* [PATCH] s390x: Optimize vector permute with constant indexes
@ 2024-04-02 7:56 Juergen Christ
2024-04-09 9:51 ` Stefan Schulze Frielinghaus
0 siblings, 1 reply; 3+ messages in thread
From: Juergen Christ @ 2024-04-02 7:56 UTC (permalink / raw)
To: gcc-patches; +Cc: krebbel
Loop vectorizer can generate vector permutes with constant indexes
where all indexes are equal. Optimize this case to use vector
replicate instead of vector permute.
gcc/ChangeLog:
* config/s390/s390.cc (expand_perm_as_replicate): Implement.
(vectorize_vec_perm_const_1): Call new function.
* config/s390/vx-builtins.md (vec_splat<mode>): Change to...
(@vec_splat<mode>): ...this.
gcc/testsuite/ChangeLog:
* gcc.target/s390/vector/vec-expand-replicate.c: New test.
Bootstrapped and regtested on s390x. Ok for trunk?
Signed-off-by: Juergen Christ <jchrist@linux.ibm.com>
---
gcc/config/s390/s390.cc | 32 +++++++++++++++++++
gcc/config/s390/vx-builtins.md | 2 +-
.../s390/vector/vec-expand-replicate.c | 30 +++++++++++++++++
3 files changed, 63 insertions(+), 1 deletion(-)
create mode 100644 gcc/testsuite/gcc.target/s390/vector/vec-expand-replicate.c
diff --git a/gcc/config/s390/s390.cc b/gcc/config/s390/s390.cc
index 372a23244032..4b4014ebe444 100644
--- a/gcc/config/s390/s390.cc
+++ b/gcc/config/s390/s390.cc
@@ -17923,6 +17923,35 @@ expand_perm_as_a_vlbr_vstbr_candidate (const struct expand_vec_perm_d &d)
return false;
}
+static bool expand_perm_as_replicate (const struct expand_vec_perm_d &d)
+{
+ unsigned char i;
+ unsigned char elem;
+ rtx base = d.op0;
+ rtx insn;
+ /* Needed to silence maybe-uninitialized warning. */
+ gcc_assert(d.nelt > 0);
+ elem = d.perm[0];
+ for (i = 1; i < d.nelt; ++i)
+ if (d.perm[i] != elem)
+ return false;
+ if (!d.testing_p)
+ {
+ if (elem >= d.nelt)
+ {
+ base = d.op1;
+ elem -= d.nelt;
+ }
+ insn = maybe_gen_vec_splat (d.vmode, d.target, base, GEN_INT (elem));
+ if (insn == NULL_RTX)
+ return false;
+ emit_insn (insn);
+ return true;
+ }
+ else
+ return maybe_code_for_vec_splat (d.vmode) != CODE_FOR_nothing;
+}
+
/* Try to find the best sequence for the vector permute operation
described by D. Return true if the operation could be
expanded. */
@@ -17941,6 +17970,9 @@ vectorize_vec_perm_const_1 (const struct expand_vec_perm_d &d)

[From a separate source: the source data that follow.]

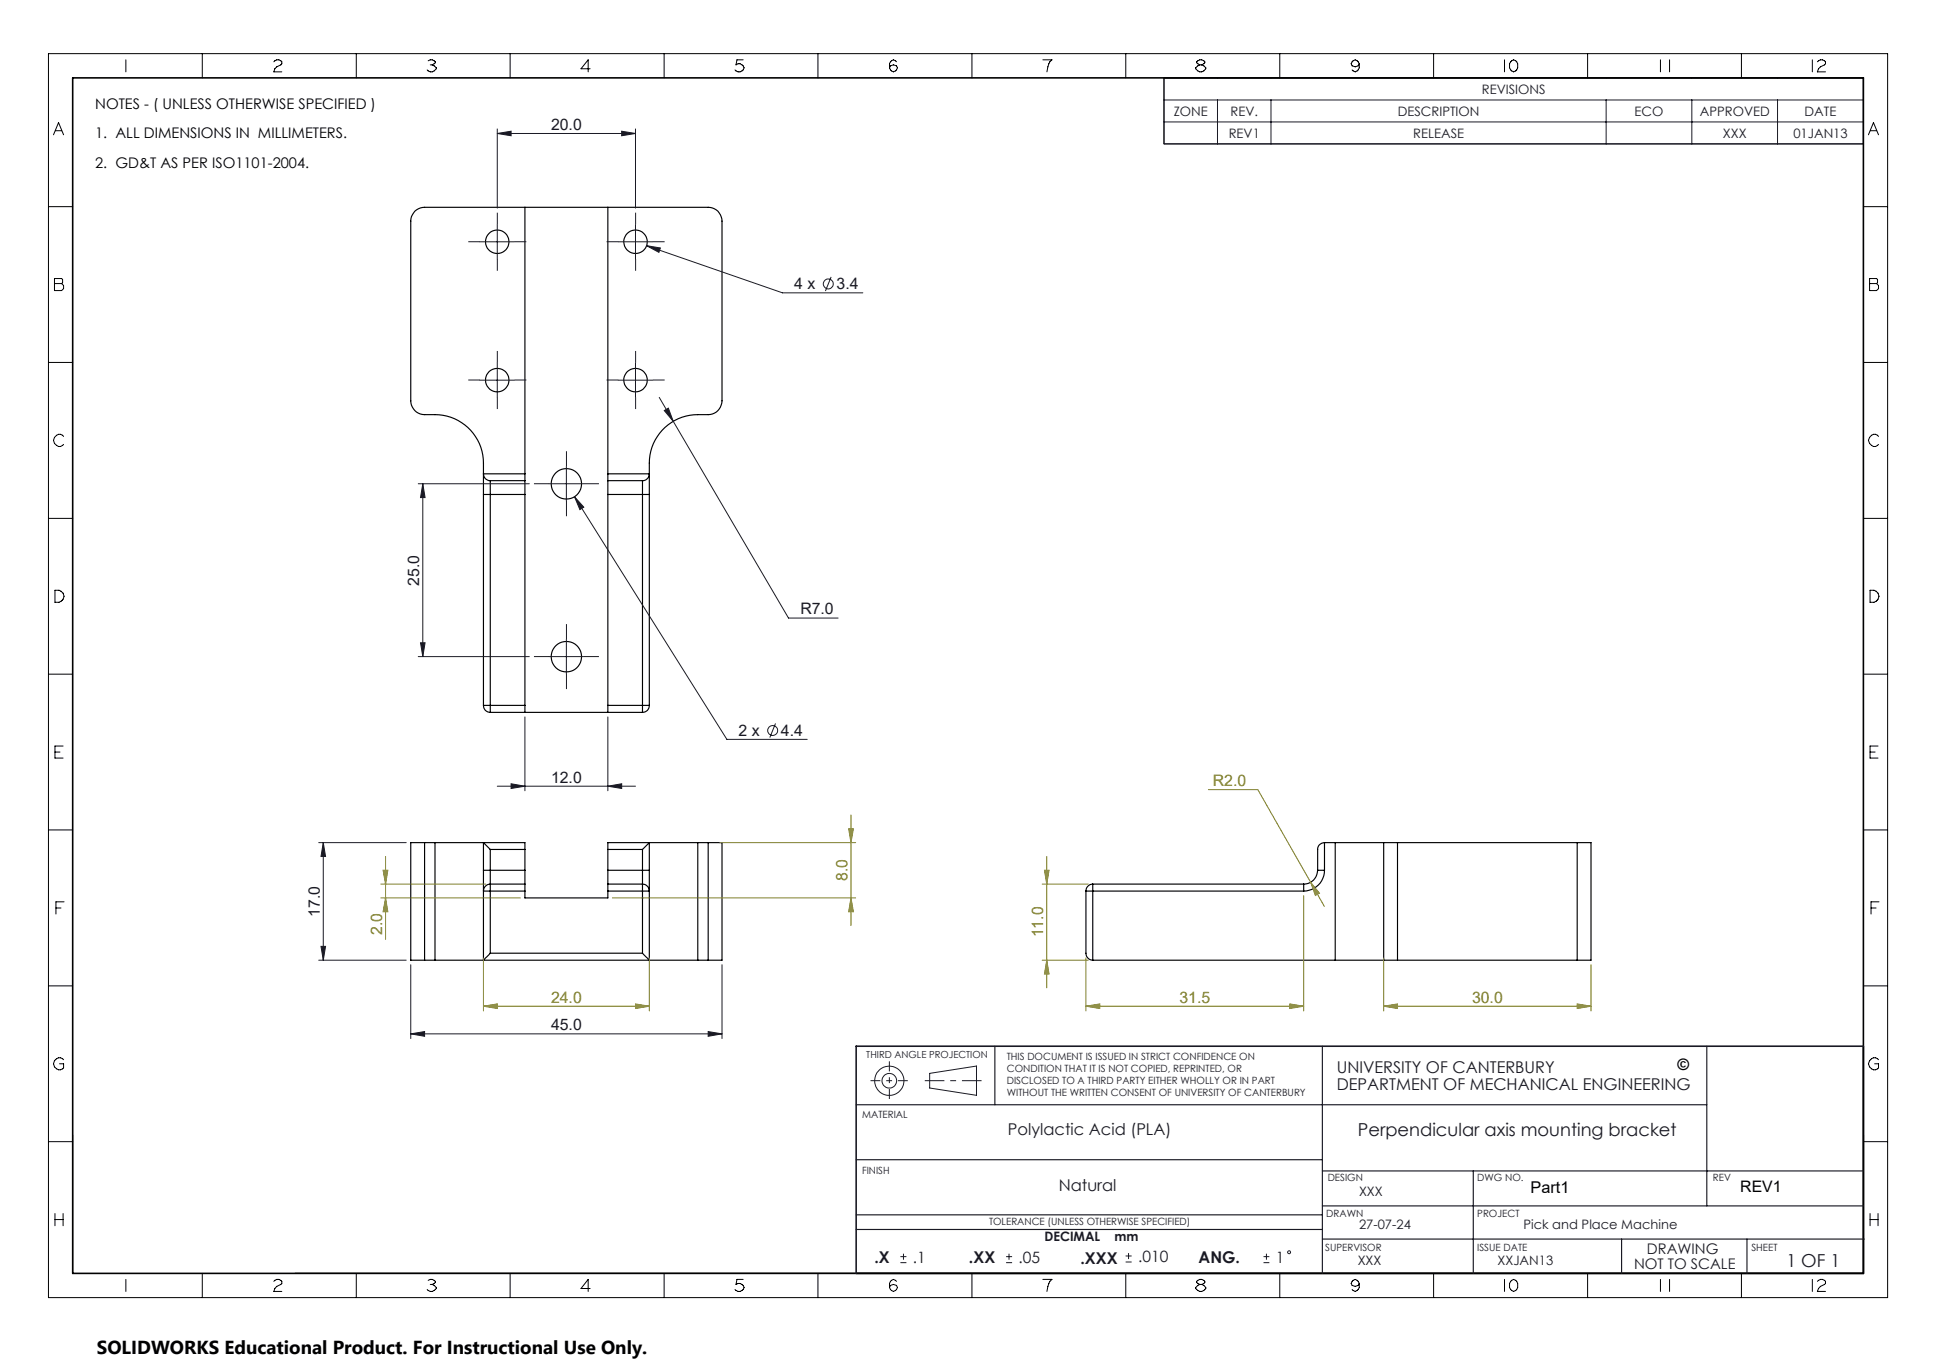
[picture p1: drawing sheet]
<svg xmlns="http://www.w3.org/2000/svg" width="420mm" height="297mm" viewBox="0 0 420 297" stroke-linecap="round" stroke-linejoin="round" font-family="sans-serif">
<g fill="none" stroke="#000" stroke-width=".25">
<path d="M113.9 45v57.8M131.9 45v57.8M104.9 102.8a11.9 11.9 0 0 0-2.2-8.8 10.5 10.5 0 0 0-8.3-4 6.2 6.2 0 0 1-3.6-.4l-.8-.5-.5-.8-.4-1.3v-39a2.95 2.95 0 0 1 3-3h61.5a2.95 2.95 0 0 1 3 3v39a3 3 0 0 1-3 3 11.8 11.8 0 0 0-8.7 2.2 10.5 10.5 0 0 0-4 8.3v2.3M104.9 102.8a1.45 1.45 0 0 0 1.5 1.5M104.9 107.3h1.5M104.9 102.8v4.5M104.9 107.3v45.7M104.9 102.8h9M106.4 104.3v3M106.4 107.3v45.7M106.4 104.3h7.5M106.4 107.3h7.5"/>
<path d="M113.9 102.8v1.5M113.9 104.3v3M113.9 107.3v45.7M131.9 102.8v1.5M131.9 104.3v3M131.9 107.3v45.7M131.9 102.8h9M131.9 104.3h7.5M131.9 107.3h7.5M139.4 107.3h1.5M139.4 104.3v3M139.4 107.3v45.7"/>
<path d="M140.9 102.8a1.49 1.49 0 0 1-1.5 1.5M140.9 102.8v4.5M140.9 107.3v45.7M104.9 153h1.5M104.9 153a1.45 1.45 0 0 0 1.5 1.5M106.4 153v1.5M106.4 153h7.5M106.4 154.5h33M113.9 153v1.5M131.9 153v1.5M131.9 153h7.5M139.4 153h1.5"/>
<path d="M139.4 153v1.5M140.9 153a1.45 1.45 0 0 1-1.5 1.5M92.1 182.8h-3v25.5h3M92.1 182.8h2.3M92.1 182.8v25.5M94.4 182.8h10.5M94.4 182.8v25.5M104.9 193.3h1.5M104.9 188.8h1.5M104.9 188.8v4.5M104.9 182.8l1.5 1.5M104.9 182.8h9v1.5"/>
<path d="M104.9 182.8v6M104.9 193.3v15M106.4 191.8a1.51 1.51 0 0 0-1.5 1.5M106.4 191.8v1.5M106.4 188.8v3M106.4 193.3h7.5M106.4 184.3v4.5M106.4 193.3v13.5M106.4 191.8h7.5M106.4 188.8h7.5M106.4 184.3h7.5M113.9 191.8v1.5"/>
<path d="M113.9 188.8v3M113.9 184.3v4.5M113.9 193.3v1.5h18v-1.5M131.9 191.8v1.5M131.9 188.8v3M131.9 193.3h7.5M131.9 184.3v4.5M131.9 191.8h7.5M131.9 188.8h7.5M131.9 184.3h7.5M139.4 191.8v1.5M139.4 193.3h1.5"/>
<path d="M139.4 191.8a1.51 1.51 0 0 1 1.5 1.5M139.4 188.8v3M139.4 188.8h1.5M139.4 184.3v4.5M139.4 193.3v13.5M140.9 188.8v4.5M140.9 182.8l-1.5 1.5M140.9 182.8h-9v1.5M140.9 182.8h10.5M140.9 182.8v6M140.9 193.3v15M151.4 182.8h2.2"/>
<path d="M151.4 182.8v25.5M153.6 182.8h3v25.5h-3M153.6 182.8v25.5M235.6 193.3h1.5M235.6 193.3v13.5a1.51 1.51 0 0 0 1.5 1.5M237.1 191.8v1.5M237.1 191.8a1.51 1.51 0 0 0-1.5 1.5M237.1 193.3h45.7M237.1 191.8h45.7M237.1 193.3v15M282.8 191.8v1.5M285.9 188.8h1.4"/>
<path d="M285.9 188.8a3 3 0 0 1-3.1 3M287.3 188.8a4.5 4.5 0 0 1-4.5 4.5M287.3 182.8a1.49 1.49 0 0 0-1.4 1.5v4.5M287.3 182.8h2.4M287.3 182.8v6M289.7 182.8h10.5M289.7 182.8v25.5M300.2 182.8h3M300.2 182.8v25.5M303.2 182.8h39M303.2 182.8v25.5M342.2 182.8h3v25.5h-3"/>
<path d="M342.2 182.8v25.5M92.1 208.3h2.3M94.4 208.3h10.5M104.9 208.3h36M106.4 206.8l-1.5 1.5M106.4 206.8h33M139.4 206.8l1.5 1.5M140.9 208.3h10.5M151.4 208.3h2.2M237.1 208.3h52.6M289.7 208.3h10.5M300.2 208.3h3"/>
<path d="M303.2 208.3h39"/>
<circle cx="107.9" cy="52.5" r="2.54"/>
<circle cx="137.9" cy="52.4" r="2.55"/>
<circle cx="107.9" cy="82.5" r="2.54"/>
<circle cx="137.9" cy="82.5" r="2.55"/>
<circle cx="122.9" cy="105" r="3.3"/>
<circle cx="122.9" cy="142.5" r="3.3"/>
</g>
<g fill="none" stroke="#191924" stroke-width=".22">
<path d="M252.5 16.9h151.7v14.3h-151.7zM107.9 29l3-.5v1zM107.9 28v17.2M107.9 29h30M134.9 28.5l3 .5-3 .5zM137.9 28v17.2M252.5 21.7h151.7M252.5 26.5h151.7M264.1 21.7v9.5M275.7 21.7v9.5M348.4 21.7v9.5M367 21.7v9.5"/>
<path d="M385.6 21.7v9.5M104.1 52.5h7.5M107.9 48.7v7.5M134.1 52.5h7.5M137.9 48.7v7.5M140.3 53.3l3 .5-.4 .9zM140.3 53.3l29.5 10.2h17.4M107.9 78.7v7.5M137.9 78.7v7.5M180.3 60.1l-1.2 3M104.1 82.5h7.5M134.1 82.5h7.5"/>
<path d="M143 86.2l28.1 47.9h10.7M144.1 89.1l.9-.6 1 2.9zM90.7 104.9h24.1M91.7 104.9l.5 3h-1zM91.7 104.9v37.5M119.1 104.9h7.5M122.9 101.2v7.5M124.6 107.8l2 2.2-.8 .6zM124.6 107.8l33.1 52.6h17.4M91.2 139.4h1l-.5 3zM122.9 138.7v7.5M90.7 142.4h24.1"/>
<path d="M113.9 155.5v16.1M119.1 142.4h7.5M131.9 155.5v16.1M168.2 156.9l-1.2 3.1M107.9 170.6h30M110.9 170l3 .6-3 .5zM131.9 170.6l3-.6v1.1zM69.1 182.8h19M70.1 182.8l.5 3h-1zM70.1 182.8v25.5M69.1 208.3h19M69.6 205.3h1l-.5 3z"/>
<path d="M89.1 209.3v16M156.6 209.3v16M89.1 224.3l3-.5v1zM89.1 224.3h67.5M153.6 223.8l3 .5-3 .5zM201.7 232.9l10.1-1.6v6.3l-10.1-1.6zM195.3 273.9h1.3M195.3 272.6h1.3M196 272v1.3M218.3 273.9h1.3M218.3 272.6h1.3M218.9 272v1.3"/>
<path d="M244.2 273.8h1.3M244.2 272.5h1.3M244.8 271.8v1.4M274.1 273.9h1.3M274.1 272.6h1.3M274.7 272v1.3"/>
<circle cx="179.7" cy="61.6" r="1.07"/>
<circle cx="167.6" cy="158.5" r="1.07"/>
<circle cx="192.9" cy="234.5" r="3.2"/>
<circle cx="192.9" cy="234.5" r="1.58"/>
<circle cx="279.7" cy="271.7" r=".32"/>
</g>
<g fill="none" stroke="#808000" stroke-width=".22">
<path d="M184.1 179.8h1l-.5 3zM184.6 176.8v24M262.1 171.3h10.8l11.4 20.1M82.6 191.8h22.8M82.6 194.8h30.3M83.1 188.8h1l-.5 3zM83.6 194.8l.5 3h-1zM83.6 185.8v18M132.9 194.8h52.7M156.1 182.8h29.5M184.6 194.8l.5 3h-1zM226.1 191.8h10"/>
<path d="M226.6 188.8h1l-.5 3zM227.1 185.8v28.5M282.8 194.3v25M284.3 191.4l1.9 2.4-.8 .5zM284.3 191.4l3 5.2M104.9 218.3l3-.5v1zM104.9 218.3h36M104.9 207.8v11.5M137.9 217.8l3 .5-3 .5zM140.9 207.8v11.5M226.1 208.3h10M227.1 208.3l.5 3h-1z"/>
<path d="M235.6 218.3l3-.5v1zM235.6 207.8v11.5M235.6 218.3h47.2M279.8 217.8l3 .5-3 .5zM300.2 218.3l3-.5v1zM300.2 218.3h45M300.2 207.8v11.5M342.2 217.8l3 .5-3 .5zM345.2 209.3v10"/>
</g>
<g fill="none" stroke="#000" stroke-width=".22">
<path d="M10.5 11.6h399v269.9h-399zM27.3 13v2.6M43.9 11.6v5.3M59.4 13.4a.92 .92 0 0 1 1-.4 .92 .92 0 0 1 .7 .8l-1.5 1.1-.2 .7h1.7M77.3 11.6v5.3M92.9 13.2a.96 .96 0 0 1 1.5 .4l-.6 .5M93.3 14.1h.5M93.8 14.1l.9 .6a1.11 1.11 0 0 1-.9 .9 1.11 1.11 0 0 1-1.1-.4M110.7 11.6v5.3M128 14.9h-2l1.6-1.9v2.6M144.1 11.6v5.3M161.2 13h-1.3l-.2 1.1a1.08 1.08 0 0 1 1.7 .6 1.11 1.11 0 0 1-.8 .9 1.11 1.11 0 0 1-1.1-.4"/>
<path d="M177.4 11.6v5.3M193.2 14.3l.6-.2 .7 .2a.87 .87 0 0 1-.7 1.3 .87 .87 0 0 1-.6-1.3zM194.5 13.4l-.2-.2a.87 .87 0 0 0-1.3 .6v.9M210.9 11.6v5.3M226.2 13h2a3.4 3.4 0 0 0-1.1 2.6M244.2 11.6v5.3M252.5 16.9h151.7v14.3h-151.7zM260.3 14.1l-.7-.5a.92 .92 0 0 1 .9-.6 .92 .92 0 0 1 .9 .6l-.7 .5M260.3 14.1l-.9 .6a1.11 1.11 0 0 0 1.1 .9 1.11 1.11 0 0 0 1.1-.9l-.9-.6M260.3 14.1h.4M277.6 11.6v5.3M293.3 13.4l.2-.2a.91 .91 0 0 1 1.4 .6l-.3 .5-.6 .2-.7-.2-.2-.5z"/>
<path d="M294.9 13.8v.9a.91 .91 0 0 1-1.4 .7l-.2-.2M311 11.6v5.3M326.4 13v2.6M327.7 13.4l.2-.2a.87 .87 0 0 1 1.3 .6v.9a.87 .87 0 0 1-1.3 .7l-.4-.7v-.9zM344.4 11.6v5.3M360.2 13v2.6M362.2 13v2.6M377.8 11.6v5.3M393.2 13v2.6M394.3 13.4a1.1 1.1 0 0 1 1.7 0v.4l-1.1 .7-.4 .4-.2 .7h1.7M11.6 29.2l1.1-2.6 1.1 2.6M12 28.4h1.4"/>
<path d="M405.3 29.2l1.1-2.6 1.1 2.6M405.8 28.4h1.3M10.5 44.8h5.3M404.2 44.8h5.3M10.5 78.6h5.3M11.8 60.4h1.6l.2 .2v.7l-.2 .2 .4 .4v.7l-.4 .4h-1.6zM11.8 61.5h1.6M404.2 78.6h5.3M405.6 60.4h1.5l.2 .2v.7l-.2 .2 .4 .4v.7l-.4 .4h-1.5zM405.6 61.5h1.5M13.8 94.7a1.29 1.29 0 0 0-2.1 .3 1.29 1.29 0 0 0 1 1.9h.4l.7-.5M407.5 94.7a1.25 1.25 0 0 0-1.9 .1 1.25 1.25 0 0 0 .4 1.8 .98 .98 0 0 0 1.5-.2"/>
<path d="M10.5 112.5h5.3M404.2 112.5h5.3M11.9 128.1a1.56 1.56 0 0 1 2 1.3 1.57 1.57 0 0 1-2 1.3zM405.7 128.1a1.51 1.51 0 0 1 1.9 1.3 1.55 1.55 0 0 1-1.9 1.3zM10.5 146.3h5.3M404.2 146.3h5.3M11.9 163.2h1.1M13.7 161.9h-1.8v2.6h1.8M405.7 163.2h1.1M407.4 161.9h-1.7v2.6h1.7M10.5 180.1h5.3M12.1 197h1.1"/>
<path d="M13.9 195.6h-1.8v2.7M404.2 180.1h5.3M405.9 197h1.1M407.6 195.6h-1.7v2.7M10.5 213.9h5.3M404.2 213.9h5.3M13.8 229.9a1.26 1.26 0 0 0-1.8 0 1.26 1.26 0 0 0 0 1.8 1.26 1.26 0 0 0 1.8 0v-.9h-.9M407.5 229.9a1.27 1.27 0 0 0-1.8 0 1.27 1.27 0 0 0 0 1.8 1.27 1.27 0 0 0 1.8 0v-.9h-.8M10.5 247.7h5.3M15.8 246.2v30M404.2 247.7h5.3M404.3 246.2v30h-340.3"/>
<path d="M11.9 263.3v2.6M11.9 264.6h1.8M13.7 263.3v2.6M27.3 277.6v2.6M43.9 276.3v5.2M59.4 278a.92 .92 0 0 1 1-.5 .92 .92 0 0 1 .7 .9l-1.1 .7-.4 .4-.2 .7h1.7M77.3 276.3v5.2M92.9 277.8a.95 .95 0 0 1 1.5 .4l-.6 .5M93.3 278.7h.5M93.8 278.7l.9 .6a1.14 1.14 0 0 1-2 .4M110.7 276.3v5.2M128 279.5h-2l1.6-1.9v2.6"/>
<path d="M144.1 276.3v5.2M161.2 277.6h-1.3l-.2 1.1a1.11 1.11 0 0 1 1.7 .6 1.11 1.11 0 0 1-.8 .9 1.11 1.11 0 0 1-1.1-.5M177.4 276.3v5.2M193.2 278.9l.6-.2 .7 .2a.87 .87 0 0 1-.7 1.3 .87 .87 0 0 1-.6-1.3zM194.5 278l-.2-.2a.87 .87 0 0 0-1.3 .6v.9M210.9 276.3v5.2M226.2 277.6h2a3.6 3.6 0 0 0-1.1 2.6M244.2 276.3v5.2M260.3 278.7l-.9 .6a1.12 1.12 0 0 0 1.1 .9 1.12 1.12 0 0 0 1.1-.9l-.4-.4-.5-.2M260.3 278.7h.4M260.3 278.7l-.7-.5a.91 .91 0 0 1 .9-.7 .91 .91 0 0 1 .9 .7l-.7 .5M277.6 276.3v5.2"/>
<path d="M293.3 278l.2-.2a.91 .91 0 0 1 1.4 .6l-.3 .5-.6 .2-.7-.2-.2-.5zM294.9 278.4v.9a.89 .89 0 0 1-.7 .7 .89 .89 0 0 1-.9-.3M311 276.3v5.2M326.4 277.6v2.6M327.7 278l.2-.2a.87 .87 0 0 1 1.3 .6v.9a.88 .88 0 0 1-.8 .9 .88 .88 0 0 1-.9-.9v-.9zM344.4 276.3v5.2M360.2 277.6v2.6M362.2 277.6v2.6M377.8 276.3v5.2M393.2 277.6v2.6M394.3 278a1.1 1.1 0 0 1 1.7 0v.4l-1.1 .7-.4 .4-.2 .7h1.7M405.7 264.6h1.7"/>
<path d="M405.7 263.3v2.6M407.4 263.3v2.6"/>
</g>
<g fill="none" stroke="#191924" stroke-width=".22" stroke-dasharray="15.2 1.3 1.3 1.3" stroke-linecap="butt">
<path d="M104.1 52.4h-2.5M107.9 48.7v-2.6M107.9 56.2v2.5M111.6 52.4h2.6M134.1 52.4h-2.5M137.9 48.7v-2.6M137.9 56.2v2.5M141.6 52.4h2.6M107.9 78.7v-2.6M137.9 78.7v-2.6M104.1 82.4h-2.5M107.9 86.2v2.5"/>
<path d="M111.6 82.4h2.6M134.1 82.4h-2.5M137.9 86.2v2.5M141.6 82.4h2.6M119.1 104.9h-3.3M122.9 101.2v-3.3M122.9 108.7v3.3M126.6 104.9h3.3M122.9 138.7v-3.3M119.1 142.4h-3.3M122.9 146.2v3.3M126.6 142.4h3.3"/>
</g>
<path d="M200.6 234.5h12.3" fill="none" stroke="#191924" stroke-width=".22" stroke-dasharray="15.2 1.3 1.3 1.3" stroke-dashoffset="11" stroke-linecap="butt"/>
<path d="M188.8 234.5h8.1M192.9 230.3v8.1" fill="none" stroke="#191924" stroke-width=".22" stroke-dasharray="15.2 1.3 1.3 1.3" stroke-dashoffset="13.1" stroke-linecap="butt"/>
<path d="M15.8 16.9h388.4v259.4h-388.4z" fill="none" stroke="#000" stroke-width=".35"/>
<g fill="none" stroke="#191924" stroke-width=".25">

if (expand_perm_as_a_vlbr_vstbr_candidate (d))
return true;
+ if (expand_perm_as_replicate(d))
+ return true;
+
return false;
}
diff --git a/gcc/config/s390/vx-builtins.md b/gcc/config/s390/vx-builtins.md
index 432d81a719fc..93c0d408a43e 100644
--- a/gcc/config/s390/vx-builtins.md
+++ b/gcc/config/s390/vx-builtins.md
@@ -424,7 +424,7 @@
; Replicate from vector element
-(define_expand "vec_splat<mode>"
+(define_expand "@vec_splat<mode>"
[(set (match_operand:V_HW 0 "register_operand" "")
(vec_duplicate:V_HW (vec_select:<non_vec>
(match_operand:V_HW 1 "register_operand" "")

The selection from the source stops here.